Come hanno fatto Peeta e Katniss a ritrovarsi? Che ne è stato di Gale? E degli altri?
L'ho immaginato così.
[Dal primo capitolo]
Vorrei dirgli che se se andasse per me sarebbe la fine: smetterei di alzarmi dal letto, di lavarmi, di mangiare, di vivere. Sopravvivrei, certo, perché incapace di uccidermi per via del debito che sento nei confronti di tutte le persone che hanno perso la propria vita per salvare la mia, ma questa non sarebbe una vita degna di essere vissuta.
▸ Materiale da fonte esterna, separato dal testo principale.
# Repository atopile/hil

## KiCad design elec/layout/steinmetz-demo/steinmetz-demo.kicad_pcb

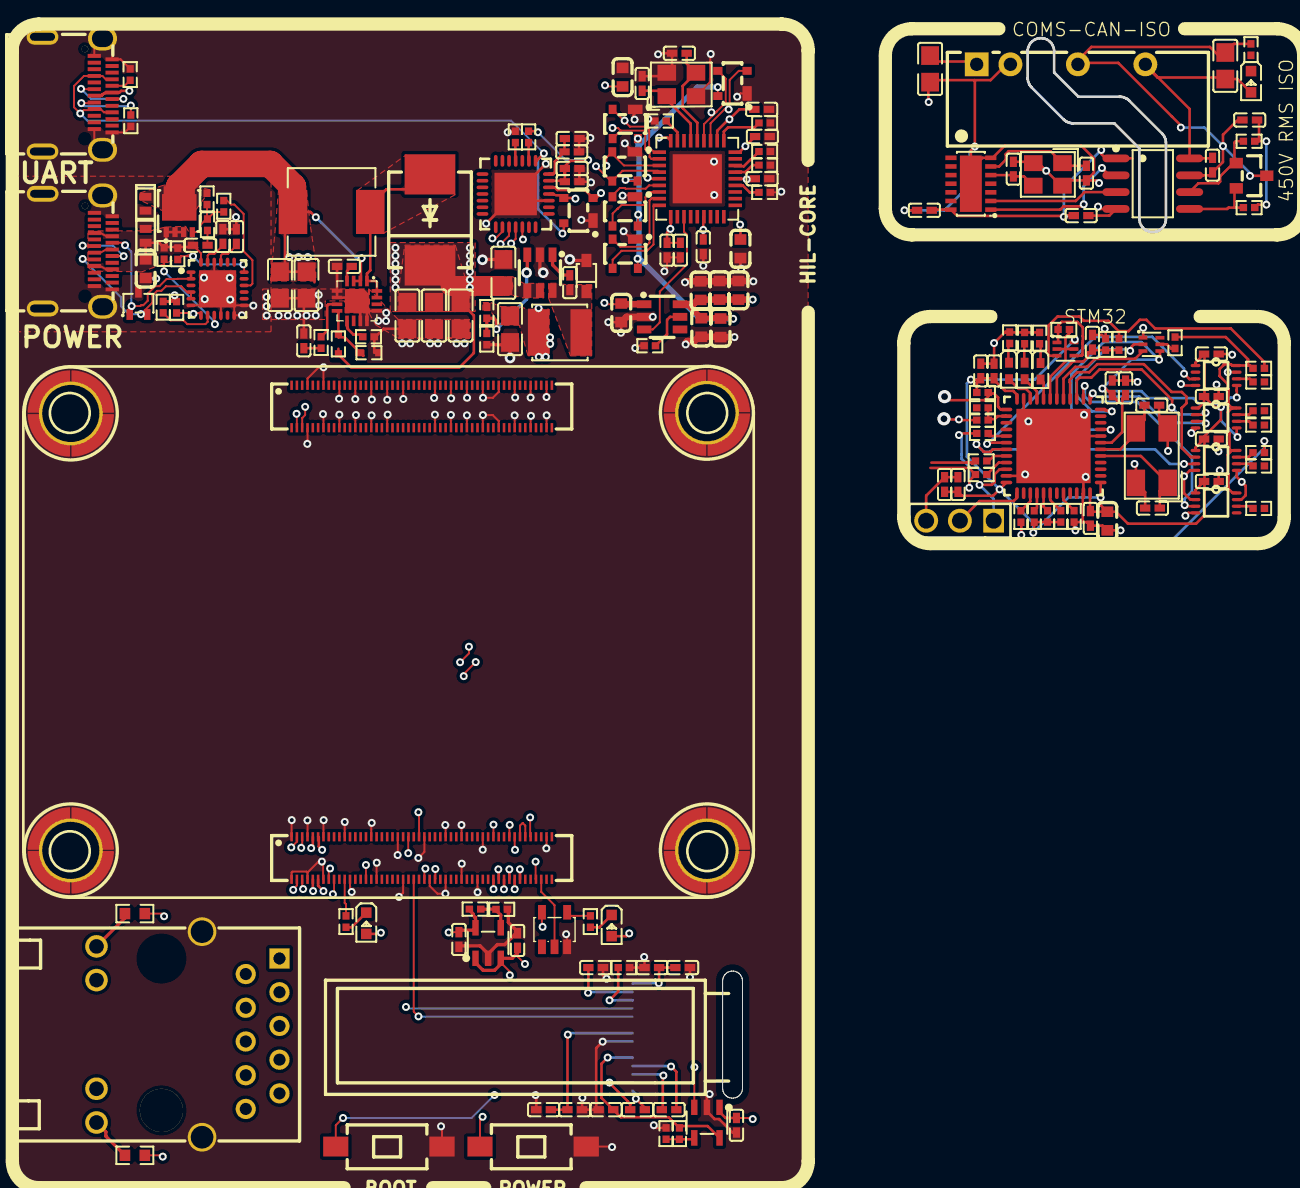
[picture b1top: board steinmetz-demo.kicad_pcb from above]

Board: 2 copper layers, 184 parts (0 on the bottom side), 152 nets.

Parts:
C1: 6.8nF ±10% 50V X7R; C0402-b3ef17
C2, C3, C4, C5, C6, C10, C50: 10µF ±10% 25V X5R; C0805-3b2e55
C7, C18, C41: 4.7µF ±20% 10V X5R; C0402-b3ef17
C8: 470nF ±20% 16V X5R; C0402-b3ef17
C9: 4.7µF ±10% 25V X5R; C0805-3b2e55
C11, C12, C13, C14, C15, C16, C39, C43, C44, C46, C52, C53, C67: 1µF ±10% 25V X5R; C0402-b3ef17
C17, C19, C20, C21, C24, C25, C26, C27, C28, C29, C38, C40, C45, C76: 100nF ±10% 16V X7R; C0402-b3ef17
C22, C23, C32, C33, C34, C35, C36, C37: 10µF ±10% 10V X5R; C0603-bd72f6
C30, C31: 20pF ±5% 50V C0G; C0402-b3ef17
C42: 4.7µF ±10% 35V X5R; C0603-bd72f6
C47, C48: 10pF ±5% 50V C0G; C0402-b3ef17
C49: 2.2µF ±10% 50V X5R; C0805-3b2e55
C51: 4.7nF ±10% 50V X7R; C0402-b3ef17
C62, C63, C64, C65, C68, C69, C70, C71, C72, C73: 100nF ±10% 50V X7R; C0402-b3ef17
C66: 4.7µF ±10% 25V X5R; C0603-bd72f6
C74, C75: 18pF ±5% 50V C0G; C0402-b3ef17
CN1, CN2: CONN-SMD_DF40C-100DS-0.4V-51-ceffa9
D1: SMC_L7.1-W6.2-LS8.1-RD-d9649d
D2: LED0603-RD-YELLOW-5af84a
D3, D14: LED0603-RD-c81ffb
D4, D5, D6, D7, D8, D9: SOT-143_L2.9-W1.3-P1.92-LS2.3-BR-44397f
D10: SOT-323-3_L2.1-W1.3-P1.32-LS2.1-BR-ee9edb
D11, D12: DFN1610-2_L1.6-W1.0-P1.05-RD-57a24e
D13: SOT-23_L2.9-W1.3-P1.90-LS2.4-BR-0c2373
D17, D18, D19: LED0402-R-RD-049f90
H1: HDR-TH_3P-P2.54-V-M-1-04b1f3
L1: IND-SMD_L7.1-W6.6-48b69f
OLED1: OLED-SMD_N087-2832TSWYG02-H14_1-7d3a70
Q1: PDFN3333-8_L3.1-W3.2-P0.65-LS3.4-BL-33e04e
R1, R5, R14, R24, R39, R40, R41, R45, R49, R50, R51, R59, R61: 10kΩ ±1% 62.5mW; R0402-56259e
R2: 180kΩ ±1% 62.5mW; R0402-56259e
R3: 2.49kΩ ±1% 62.5mW; R0402-56259e
R4: 75kΩ ±1% 62.5mW; R0402-56259e
R6: 56kΩ ±1% 62.5mW; R0402-56259e
R7, R8: 2kΩ ±1% 62.5mW; R0402-56259e
R9, R10: 470Ω ±1% 100mW; R0603-ebcab9
R11, R26, R29, R33, R42, R43, R44: 1kΩ ±1% 62.5mW; R0402-56259e
R12: 1.8kΩ ±1% 62.5mW; R0402-56259e
R13: 510kΩ ±1% 62.5mW; R0402-56259e
R15: 25.5kΩ ±1% 62.5mW; R0402-56259e
R16, R17: 5.1kΩ ±1% 62.5mW; R0402-56259e
R18, R19, R21, R22: 33kΩ ±1% 62.5mW; R0402-56259e
R20: 12kΩ ±1% 62.5mW; R0402-56259e
R23: 15kΩ ±1% 62.5mW; R0402-56259e
R25, R27, R28, R60, R62: 4.7kΩ ±1% 62.5mW; R0402-56259e
R30: 100kΩ ±1% 62.5mW; R0402-56259e
R31: 22kΩ ±1% 62.5mW; R0402-56259e
R32, R52, R53, R54, R55, R56, R57, R58, R63: 100Ω ±1% 62.5mW; R0402-56259e
R34, R35: 1MΩ ±1% 62.5mW; R0402-56259e
R46: 1.5kΩ ±1% 62.5mW; R0402-56259e
R47, R48: 22Ω ±1% 62.5mW; R0402-56259e
RJ1: RJ45-TH_HR911130A-5845d4
SW1, SW2: SW-SMD_L6.0-W3.3-LS8.0-cfbaed
U1: VQFN-16_L3.0-W3.0-P0.50-BL-EP1.7-62c35a
U2: SOD-323_L1.8-W1.3-LS2.5-RD
U3: SOT-23-6_L2.9-W1.6-P0.95-LS2.8-BR
U4: 10µH ±20%; IND-SMD_L4.0-W4.0
U5: SOT-23-5_L3.0-W1.7-P0.95-LS2.8-BR-9d80aa
U6, U7, U8, U9: SMD_BD5.6-D4.1-12eb58
U10, U11: SOT-23-5_L3.0-W1.7-P0.95-LS2.8-BL
U12: SQFN-36_L6.0-W6.0-P0.50-BL-EP-5817ac
U13: SOT-23-6_L2.9-W1.6-P0.95-LS2.8-BR-bfc73b
U14: WQFN-28_L5.0-W5.0-P0.50-BL-EP3.2-79d8c5
U15: QFN-24_L4.0-W4.0-P0.50-BL-EP2.8-2a85a7
U16: VDFN-14_L4.5-W3.0-P0.65-BL-EP-99cb5b
U17: CRYSTAL-SMD_4P-L3.2-W2.5-BL-e199c8
U18: PWRM-TH_BXXXXS-2WR3-d8b2fb
U19: SOIC-8_L4.9-W3.9-P1.27-LS6.0-BL-6ccfeb
U24, U25, U26, U27: VSSOP-8_L2.4-W2.1-P0.50-LS3.2-BR-acd3fc
U28: UFQFPN-48_L7.0-W7.0-P0.50-BL-EP5.6-10abf8
U29, U30: SOT-563-6_L1.6-W1.2-P0.5-LS1.6-BL-d9216f
USB1, USB2: USB-C-SMD_TYC-324G-a50b79
X1: CRYSTAL-SMD_4P-L3.2-W2.5-BL-1-d85bc6
X2: OSC-SMD_4P-L5.0-W3.2-BL-ee849f

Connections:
A5: R16.1, USB1.A5
A7: USB2.A7, USB2.B7
B5: R17.1, USB1.B5
B6: USB2.A6, USB2.B6
BOOT0: R45.1, U28.44
C1N: C13.1, OLED1.4
C1P: C13.2, OLED1.3
C2N: C14.1, OLED1.2
C2P: C14.2, OLED1.1
CB: C8.1, U3.1
COMP: R3.1, U1.7
D1: U28.17, U30.3
DIR: U27.5, U28.11
DISCH: R26.2, U15.9
EN_ENh: U12.12, U13.3
FREQ: R4.1, U1.9
G2: U28.12, U30.2
GND: C1.2, C2.2, C3.2, C4.2, C5.2, C6.2, C7.2, C9.2, C10.2, C11.2, C12.2, C15.2, C16.2, C17.2, C18.2, C19.2, C20.2, C21.2, C22.2, C23.2, C24.2, C25.2, C26.2, C27.2, C28.2, C29.2, C30.2, C31.2, C32.2, C33.2, C34.2, C35.2, C36.2, C37.2, C38.2, C39.2, C40.2, C41.2, C42.1, C43.1, C44.1, CN1.1, CN1.4, CN1.7, CN1.11, CN1.16, CN1.21, CN1.26, CN1.30, CN1.33, CN1.37, CN1.49, CN1.65, CN1.68, CN1.71, CN1.74, CN1.79, CN1.84, CN1.89, CN1.94, CN1.97, CN1.100, CN2.4, CN2.7, CN2.10, CN2.13, CN2.16, CN2.19, CN2.22, CN2.28, CN2.31, CN2.34, CN2.37, CN2.40, CN2.43, CN2.46, CN2.49, CN2.52, CN2.55, CN2.58, CN2.61, CN2.64, CN2.67, CN2.70, CN2.73, CN2.82, CN2.85, CN2.88, CN2.91, CN2.94, CN2.97, D4.1, D5.1, D6.1, D7.1, D8.1, D9.1, D10.3, D11.2, D12.2, OLED1.7, R1.2, R4.2, R5.2, R11.2, R13.2, R14.2, R16.2, R17.2, R18.2, R19.2, R20.2, R21.2, R22.2, R23.2, R24.2, RJ1.SHIELD0, RJ1.SHIELD1, SW1.2, SW2.2, U1.5, U1.6, U1.11, U1.12, U1.13, U1.17, U2.2, U3.2, U5.3, U6.1, U6.2, U6.3, U6.4, U7.1, U7.2, U7.3, U7.4, U8.1, U8.2, U8.3, U8.4, U9.1, U9.2, U9.3, U9.4, U10.2, U11.2, U12.37, U13.2, U14.3, U14.29, U15.6, U15.10, U15.12, U15.13, U15.22, U15.25, USB1.1, USB1.2, USB1.3, USB1.4, USB1.A1, USB1.A12, USB1.B1, USB1.B12, USB2.1, USB2.2, USB2.3, USB2.4, USB2.A1, USB2.A12, USB2.B1, USB2.B12, X1.2, X1.4
HS_IND_CFG_SEL1: R21.1, U12.25
ILIM: R23.1, U13.5
IREF: OLED1.12, R13.1
MDI0_: CN1.5, RJ1.P3
MDI0plus: CN1.6, RJ1.P2
MDI2_: CN1.96, RJ1.P6
MDI2plus: CN1.95, RJ1.P5
MDI3plus: CN1.99, RJ1.P8
NRST: C73.1, U28.7
PA8: R46.2, U28.29
PA11: R47.2, U28.32
PA12: R48.2, U28.33
PA13: H1.1, U28.34
PA14: H1.2, U28.37
PB3: R56.1, U28.39
PB4: R39.1, U28.40
PB5: R40.1, U28.41
PB6: R41.1, U28.42
PB12: R49.1, U28.25
POWER_3V3: C12.1, C20.1, C21.1, C22.1, C23.1, C24.1, C25.1, C26.1, C27.1, C28.1, C29.1, OLED1.8, R12.1, U10.5, U12.5, U12.10, U12.15, U12.23, U12.27, U12.29, U12.36
POWER_5V: C10.1, C11.1, C15.1, C32.1, CN1.57, CN1.58, CN1.59, CN1.60, CN1.61, CN1.62, R6.1, U4.2, U10.1, U10.3, U11.1, U11.3, U13.1
POWER_24V: C4.1, C5.1, C6.1, C9.1, D1.1, R2.1, U3.4, U3.5
RBIAS: R20.1, U12.35
RSTh: R25.1, U14.9
S2: R50.2, U29.1, U29.4
SCL_SMBCLK_CFG_SEL0: R18.1, U12.24
SDA_SMBBATA_NON_REM1: R19.1, U12.22
SS: C7.1, U1.4
SUSPENDh: R24.1, U14.11
SUSP_IND_LOCAL_PWR_NON_REM0: R22.1, U12.28
VBUS_EN_SNK: R31.2, U15.16
VBUS_VS_DISCH: R29.2, U15.18
VCCB: R51.1, R63.1, U24.8, U25.8, U26.8, U27.8
VCOMH: C19.1, OLED1.13
Y: R8.2, U5.4
can_transceiver1-CANH: D13.1, R34.1, U19.6
can_transceiver1-CANL: D13.2, R35.2, U19.5
can_transceiver1-rx: U16.2, U19.3
can_transceiver1-tx: U16.1, U19.2
can_transceiver1.regulator.led-cathode: D14.1, R33.1
can_transceiver1.termination-_midpoint: C51.1, R34.2, R35.1
gate: Q1.4, R30.1, R31.1, R32.1
gnd: C50.2, C51.2, C53.2, D13.3, R33.2, U18.4, U19.7
gnd-1: C62.2, C63.2, C64.2, C65.2, C66.2, C67.2, C68.2, C69.2, C70.2, C71.2, C72.2, C73.2, C74.2, C75.2, C76.2, H1.3, R42.2, R43.2, R44.2, R45.2, R59.2, R61.2, U24.2, U24.4, U24.7, U25.4, U26.4, U26.5, U27.2, U27.4, U27.7, U28.8, U28.23, U28.35, U28.47, U28.49, U30.1, X2.2, X2.4
gnd-4: C46.2, C47.2, C48.2, C49.2, C52.2, U16.7, U16.15, U17.2, U17.4, U18.2, U19.4
hil_core-VBUS: D9.4, U14.8, USB1.A4, USB1.A9, USB1.B4, USB1.B9
hil_core-hv: CN1.39, CN1.42, CN1.43, D2.2, D3.2, R9.1, R10.1, U5.5
hil_core-line: CN2.98, D5.3, U12.4
hil_core-line-1: CN1.86, U14.24
hil_core-line-2: D4.3, D9.3, U12.2, U14.4
hil_core-line-3: CN1.77, OLED1.10
hil_core-line-4: CN2.99, D5.2, U12.3
hil_core-line-5: CN1.73, U14.25
hil_core-line-6: CN1.25, U14.23
hil_core-line-7: D8.3, U12.31, USB1.A6, USB1.B6
hil_core-line-8: CN1.75, U14.26
hil_core-line-9: D8.2, U12.30, USB1.A7, USB1.B7
hil_core-line-10: CN1.23, OLED1.11
hil_core-line-11: D4.2, D9.2, U12.1, U14.5
hil_core.boost_24v-FB: R1.1, R2.2, U1.8
hil_core.boost_24v-net: C1.1, R3.2
hil_core.buck_5v-FB: R5.1, R6.2, U3.3
hil_core.buck_5v-cathode: C8.2, U2.1, U3.6, U4.1
hil_core.controller-pins[3]: CN1.2, RJ1.P4
hil_core.controller-pins[5]: CN1.3, RJ1.P7
hil_core.controller-pins[14]: CN1.93, RJ1.12
hil_core.controller-pins[16]: CN1.92, RJ1.13
hil_core.controller-pins[92]: CN1.54, SW1.1
hil_core.controller.cm5-cathode: D2.1, R7.1
hil_core.controller.cm5-cathode-1: D3.1, R8.1
hil_core.controller.cm5-pins[20]: CN1.90, R7.2
hil_core.controller.cm5-pins[89]: CN1.44, CN1.45
hil_core.controller.cm5-pins[94]: CN1.53, U5.2
hil_core.controller.rj45-anode: R9.2, RJ1.11
hil_core.controller.rj45-anode-1: R10.2, RJ1.14
hil_core.ldo_3v3-ADJ_NC: R11.1, R12.2, U10.4
hil_core.oled.regulator_4v-ADJ_NC: R14.1, R15.2, U11.4
hil_core.usb_hub-line: D7.2, U12.8
hil_core.usb_hub-line-1: D6.2, U12.6
hil_core.usb_hub-line-2: D7.3, U12.9
hil_core.usb_hub-line-3: D6.3, U12.7
hil_core.usbpd-VBUS: C42.2, C45.2, D11.1, Q1.1, Q1.2, Q1.3, R26.1, R29.1, U15.24, USB2.A4, USB2.A9, USB2.B4, USB2.B9
hil_core.usbpd-hv: R27.2, R28.2
hil_core.usbpd-line: D10.1, U15.1, U15.2, USB2.A5
hil_core.usbpd-line-1: R27.1, U15.7
hil_core.usbpd-line-2: R28.1, U15.8
hil_core.usbpd-line-3: D10.2, U15.4, U15.5, USB2.B5
hil_core.usbpd.pd_controller-hv: C44.2, U15.23
hil_core.usbpd.pd_controller-hv-1: C43.2, U15.21
hil_core.usbpd.pd_controller-net: C45.1, R32.2
hv: C2.1, C3.1, D12.1, L1.1, Q1.5, Q1.6, Q1.7, Q1.8, Q1.9, R30.2, U1.2, U1.3
hv-1: C62.1, C63.1, C64.1, C65.1, C66.1, C67.1, C68.1, C69.1, C70.1, C71.1, C72.1, R39.2, R40.2, R41.2, R49.2, U24.1, U24.5, U25.1, U25.5, U26.1, U27.1, U28.1, U28.9, U28.24, U28.36, U28.48, U29.6, U30.4
hv-2: C33.1, C34.1, C35.1, C36.1, C37.1, D4.4, D5.4, D6.4, D7.4, D8.4, U13.6
hv-4: C17.1, C18.1, OLED1.14
hv-5: C46.1, C52.1, U16.14, U19.1
hv-6: C16.1, OLED1.5, R15.1, U11.5
hv-8: C40.1, C41.1, R25.2, U14.6
hv-9: C49.1, U18.1
hv-10: C38.1, C39.1, U14.7
hv-12: C50.1, C53.1, D14.2, U18.6, U19.8
jtag_debugger-B1: R52.1, U25.7
jtag_debugger-B1-1: R54.1, U26.7
jtag_debugger-B2: R57.1, U26.6
jtag_debugger-B2-1: R55.1, U27.6
jtag_debugger-B2-2: R53.1, U25.6
jtag_debugger-B2-3: R58.1, U24.6
jtag_debugger-G1: R50.1, U28.19, U29.2, U29.5
jtag_debugger-G1-1: R51.2, U30.5
jtag_debugger-anode: D17.1, U28.20
jtag_debugger-anode-1: D18.1, U28.21
jtag_debugger-anode-2: D19.1, U28.22
jtag_debugger-hv-1: R62.1, R63.2, U29.3
jtag_debugger-line-2: U26.2, U28.16
jtag_debugger-line-3: R59.1, R60.2, U28.26
jtag_debugger-line-4: U26.3, U28.31
jtag_debugger-line-5: R54.2, R56.2
jtag_debugger-line-6: C76.1, R61.1, R62.2, U28.18
jtag_debugger-line-8: U27.3, U28.14
jtag_debugger-line-10: U25.2, U28.15
jtag_debugger-line-11: U24.3, U28.30
jtag_debugger-line-14: R46.1, R48.1
jtag_debugger-line-15: U25.3, U28.13
jtag_debugger.led0-cathode: D17.2, R42.1
jtag_debugger.led1-cathode: D18.2, R43.1
jtag_debugger.led2-cathode: D19.2, R44.1
pins[4]: CN1.98, RJ1.P9
pins[91]: CN1.46, SW2.1
switching_node: D1.2, L1.2, U1.1, U1.15, U1.16
xin: C47.1, U16.6, U17.1
xin-2: C74.1, U28.5, X2.1
xin-3: C30.1, U12.33, X1.1
xout: C75.1, U28.6, X2.3
xout-1: C31.1, U12.32, X1.3
xout-2: C48.1, U16.5, U17.3

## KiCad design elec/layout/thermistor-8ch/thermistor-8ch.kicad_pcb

Vorrei dirgli che quando ha piantato le primule avevo creduto che fosse tornato da me, che avevo pensato che forse le cose sarebbero potute andare, se non bene, almeno meglio di come andavano prima. Ma non so farlo. Io non so parlare, non so esprimere i miei sentimenti, era lui che smuoveva le folle con le sue parole. Così rimango lì, a fissarlo, mentre lo vedo scrutarmi l’anima attraverso gli occhi.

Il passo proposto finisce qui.